Assignment.
Below are records; copy every line in them that holds the word "blocks".

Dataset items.
####

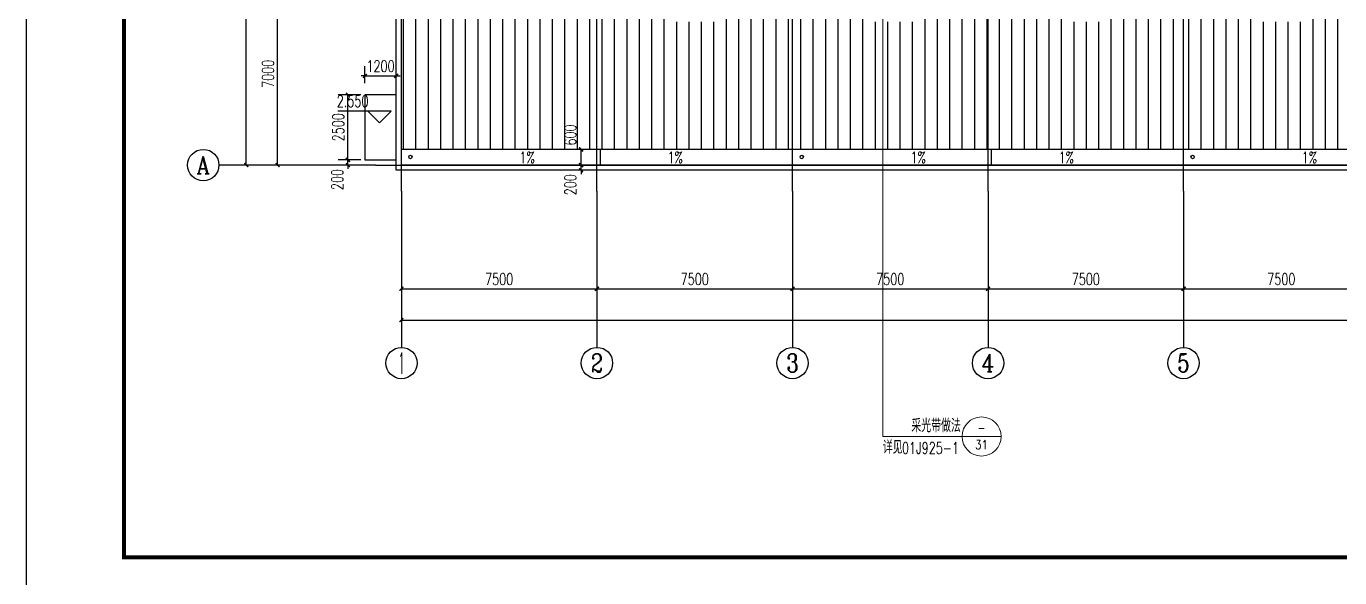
# Model space of a CAD drawing. Extents: x 962303 to 1579583, y -174742 to 224716.
# Drawn here: x 1334333 to 1384713, y 14971 to 36142 of the extents above; entities that cross this region are included whole.
import ezdxf
from ezdxf.enums import TextEntityAlignment as Align

# ---------------------------------------------------------------- set-up
doc = ezdxf.new("R2010")
doc.units = 0
doc.header["$LTSCALE"] = 1000
doc.header["$MEASUREMENT"] = 0
for name, color, linetype in [('AXIS', 3, 'Continuous'), ('AXIS_TEXT', 7, 'Continuous'), ('DIM_ELEV', 3, 'Continuous'), ('DIM_SYMB', 3, 'Continuous'), ('DOTE', 1, 'Continuous'), ('PUB_DIM', 3, 'Continuous'), ('PUB_TEXT', 7, 'Continuous'), ('PUB_TITLE', 4, 'Continuous')]:
    doc.layers.add(name, color=color, linetype=linetype)
doc.layers.add('DIM_IDEN', color=3, linetype='Continuous', lineweight=0)
doc.styles.add('_TCH_AXIS', font='COMPLEX', dxfattribs={"bigfont": 'GBCBIG'})
doc.styles.add('_TCH_DIM', font='SIMPLEX', dxfattribs={"bigfont": 'GBCBIG'})
doc.styles.add('_TCH_DIM_T3', font='SIMPLEX', dxfattribs={"width": 0.705882, "bigfont": 'GBCBIG'})
doc.styles.add('_TCH_LABEL', font='COMPLEX', dxfattribs={"bigfont": 'GBCBIG'})
doc.styles.add('COMPLEX', font='COMPLEX')
doc.dimstyles.new('_TCH_ARCH&&150', dxfattribs={"dimtxt": 446.25, "dimasz": 150, "dimexe": 375, "dimexo": 450, "dimgap": 150, "dimtad": 1, "dimdec": 0, "dimzin": 0, "dimdsep": 46, "dimtxsty": '_TCH_DIM_T3', "dimblk": 'ARCHTICK', "dimcen": 0.09, "dimclrt": 7, "dimazin": 2, "dimtfac": 1, "dimtdec": 0, "dimtix": 1, "dimtmove": 2, "dimatfit": 3, "dimfxl": 0, "dimtolj": 1, "dimtzin": 0, "dimarcsym": 0})
pattern_1 = [(90, (747777.7, 33526), (-476.25, 3e-14), [])]

# ---------------------------------------------------------------- blocks, each defined once
blk = doc.blocks.new('_ArchTick')
at = {"color": 0, "linetype": 'ByBlock', "const_width": 0.4}
blk.add_lwpolyline([(-0.5, -0.5), (0.5, 0.5)], dxfattribs=at)
blk = doc.blocks.new('*D112')
at = {"layer": 'Defpoints', "color": 0}
for p in [(1355616, 30813), (1356542, 30813), (1356542, 30613)]:
    blk.add_point(p, dxfattribs=at)
at = {"layer": 'PUB_DIM', "color": 0, "lineweight": -2}
for p, q in [((1356092, 30813), (1355241, 30813)), ((1355616, 30813), (1355616, 30963)), ((1355616, 30613), (1355616, 30813)), ((1356092, 30613), (1355241, 30613)), ((1355616, 30613), (1355616, 30463))]:
    blk.add_line(p, q, dxfattribs=at)
at = {"layer": 'PUB_DIM', "color": 0, "lineweight": -2, "xscale": 150, "yscale": 150, "zscale": 150}
for p, rotation in [((1355616, 30813), 270), ((1355616, 30613), 90)]:
    blk.add_blockref('_ArchTick', p, dxfattribs=dict(at, rotation=rotation))
at = {"layer": 'PUB_DIM', "color": 7, "insert": (1355204, 30058), "char_height": 446.2, "attachment_point": 5, "rotation": 90, "style": '_TCH_DIM_T3'}
blk.add_mtext('\\A1;200', dxfattribs=at)
blk = doc.blocks.new('*D113')
at = {"layer": 'Defpoints', "color": 0}
for p in [(1355616, 31413), (1356542, 31413), (1356542, 30813)]:
    blk.add_point(p, dxfattribs=at)
at = {"layer": 'PUB_DIM', "color": 0, "lineweight": -2}
for p, q in [((1356092, 31413), (1355241, 31413)), ((1355616, 30813), (1355616, 31413)), ((1356092, 30813), (1355241, 30813))]:
    blk.add_line(p, q, dxfattribs=at)
at = {"layer": 'PUB_DIM', "color": 0, "lineweight": -2, "xscale": 150, "yscale": 150, "zscale": 150}
for p, rotation in [((1355616, 31413), 90), ((1355616, 30813), 270)]:
    blk.add_blockref('_ArchTick', p, dxfattribs=dict(at, rotation=rotation))
at = {"layer": 'PUB_DIM', "color": 7, "insert": (1355204, 31968), "char_height": 446.2, "attachment_point": 5, "rotation": 90, "style": '_TCH_DIM_T3'}
blk.add_mtext('\\A1;600', dxfattribs=at)
blk = doc.blocks.new('*D203')
at = {"layer": 'Defpoints', "color": 0}
for p in [(1346672, 33513), (1347610, 33513), (1347610, 31013)]:
    blk.add_point(p, dxfattribs=at)
at = {"layer": 'PUB_DIM', "color": 0, "lineweight": -2}
for p, q in [((1347160, 33513), (1346297, 33513)), ((1346672, 31013), (1346672, 33513)), ((1347160, 31013), (1346297, 31013))]:
    blk.add_line(p, q, dxfattribs=at)
at = {"layer": 'PUB_DIM', "color": 0, "lineweight": -2, "xscale": 150, "yscale": 150, "zscale": 150}
for p, rotation in [((1346672, 33513), 90), ((1346672, 31013), 270)]:
    blk.add_blockref('_ArchTick', p, dxfattribs=dict(at, rotation=rotation))
at = {"layer": 'PUB_DIM', "color": 7, "insert": (1346299, 32263), "char_height": 446.2, "attachment_point": 5, "rotation": 90, "style": '_TCH_DIM_T3'}
blk.add_mtext('\\A1;2500', dxfattribs=at)
blk = doc.blocks.new('*D204')
at = {"layer": 'Defpoints', "color": 0}
for p in [(1346672, 31013), (1347610, 31013), (1347610, 30813)]:
    blk.add_point(p, dxfattribs=at)
at = {"layer": 'PUB_DIM', "color": 0, "lineweight": -2}
for p, q in [((1347160, 31013), (1346297, 31013)), ((1347160, 30813), (1346297, 30813)), ((1346672, 31013), (1346672, 31163)), ((1346672, 30813), (1346672, 31013)), ((1346672, 30813), (1346672, 30663))]:
    blk.add_line(p, q, dxfattribs=at)
at = {"layer": 'PUB_DIM', "color": 0, "lineweight": -2, "xscale": 150, "yscale": 150, "zscale": 150}
for p, rotation in [((1346672, 31013), 270), ((1346672, 30813), 90)]:
    blk.add_blockref('_ArchTick', p, dxfattribs=dict(at, rotation=rotation))
at = {"layer": 'PUB_DIM', "color": 7, "insert": (1346260, 30258), "char_height": 446.2, "attachment_point": 5, "rotation": 90, "style": '_TCH_DIM_T3'}
blk.add_mtext('\\A1;200', dxfattribs=at)
blk = doc.blocks.new('*D205')
at = {"layer": 'Defpoints', "color": 0}
for p in [(1348523, 34237), (1347323, 33513), (1348523, 33513)]:
    blk.add_point(p, dxfattribs=at)
at = {"layer": 'PUB_DIM', "color": 0, "lineweight": -2}
for p, q in [((1347323, 33963), (1347323, 34612)), ((1348523, 33963), (1348523, 34612)), ((1347323, 34237), (1347173, 34237)), ((1347323, 34237), (1348523, 34237)), ((1348523, 34237), (1348673, 34237))]:
    blk.add_line(p, q, dxfattribs=at)
at = {"layer": 'PUB_DIM', "color": 0, "lineweight": -2, "xscale": 150, "yscale": 150, "zscale": 150}
blk.add_blockref('_ArchTick', (1347323, 34237), dxfattribs=at)
at = {"layer": 'PUB_DIM', "color": 0, "lineweight": -2, "xscale": 150, "yscale": 150, "zscale": 150, "rotation": 180}
blk.add_blockref('_ArchTick', (1348523, 34237), dxfattribs=at)
at = {"layer": 'PUB_DIM', "color": 7, "insert": (1347923, 34610), "char_height": 446.2, "attachment_point": 5, "style": '_TCH_DIM_T3'}
blk.add_mtext('\\A1;1200', dxfattribs=at)
blk = doc.blocks.new('*D862')
at = {"layer": 'AXIS', "color": 0, "lineweight": -2}
for p, q in [((1347273, 37813), (1343598, 37813)), ((1343973, 30813), (1343973, 37813)), ((1347273, 30813), (1343598, 30813))]:
    blk.add_line(p, q, dxfattribs=at)
at = {"layer": 'Defpoints', "color": 0}
for p in [(1343973, 37813), (1347723, 37813), (1347723, 30813)]:
    blk.add_point(p, dxfattribs=at)
at = {"layer": 'AXIS', "color": 0, "lineweight": -2, "xscale": 150, "yscale": 150, "zscale": 150}
for p, rotation in [((1343973, 37813), 90), ((1343973, 30813), 270)]:
    blk.add_blockref('_ArchTick', p, dxfattribs=dict(at, rotation=rotation))
at = {"layer": 'AXIS', "color": 7, "insert": (1343600, 34313), "char_height": 446.2, "attachment_point": 5, "rotation": 90, "style": '_TCH_DIM_T3'}
blk.add_mtext('\\A1;7000', dxfattribs=at)
blk = doc.blocks.new('*D867')
at = {"layer": 'AXIS', "color": 0, "lineweight": -2}
for p, q in [((1347273, 65813), (1342398, 65813)), ((1342773, 30813), (1342773, 65813)), ((1347273, 30813), (1342398, 30813))]:
    blk.add_line(p, q, dxfattribs=at)
at = {"layer": 'Defpoints', "color": 0}
for p in [(1342773, 65813), (1347723, 65813), (1347723, 30813)]:
    blk.add_point(p, dxfattribs=at)
at = {"layer": 'AXIS', "color": 0, "lineweight": -2, "xscale": 150, "yscale": 150, "zscale": 150}
for p, rotation in [((1342773, 65813), 90), ((1342773, 30813), 270)]:
    blk.add_blockref('_ArchTick', p, dxfattribs=dict(at, rotation=rotation))
at = {"layer": 'AXIS', "color": 7, "insert": (1342400, 48313), "char_height": 446.2, "attachment_point": 5, "rotation": 90, "style": '_TCH_DIM_T3'}
blk.add_mtext('\\A1;35000', dxfattribs=at)
blk = doc.blocks.new('*D874')
at = {"layer": 'AXIS', "color": 0, "lineweight": -2}
for p, q in [((1348723, 29363), (1348723, 25688)), ((1356223, 29363), (1356223, 25688)), ((1348723, 26063), (1356223, 26063))]:
    blk.add_line(p, q, dxfattribs=at)
at = {"layer": 'Defpoints', "color": 0}
for p in [(1348723, 29813), (1356223, 29813), (1356223, 26063)]:
    blk.add_point(p, dxfattribs=at)
at = {"layer": 'AXIS', "color": 0, "lineweight": -2, "xscale": 150, "yscale": 150, "zscale": 150, "rotation": 180}
blk.add_blockref('_ArchTick', (1348723, 26063), dxfattribs=at)
at = {"layer": 'AXIS', "color": 0, "lineweight": -2, "xscale": 150, "yscale": 150, "zscale": 150}
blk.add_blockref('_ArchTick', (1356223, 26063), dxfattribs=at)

####

Task response.
# ---------------------------------------------------------------- blocks, each defined once
blk = doc.blocks.new('_ArchTick')
blk = doc.blocks.new('*D112')
blk = doc.blocks.new('*D113')
blk = doc.blocks.new('*D203')
blk = doc.blocks.new('*D204')
blk = doc.blocks.new('*D205')
blk = doc.blocks.new('*D862')
blk = doc.blocks.new('*D867')
blk = doc.blocks.new('*D874')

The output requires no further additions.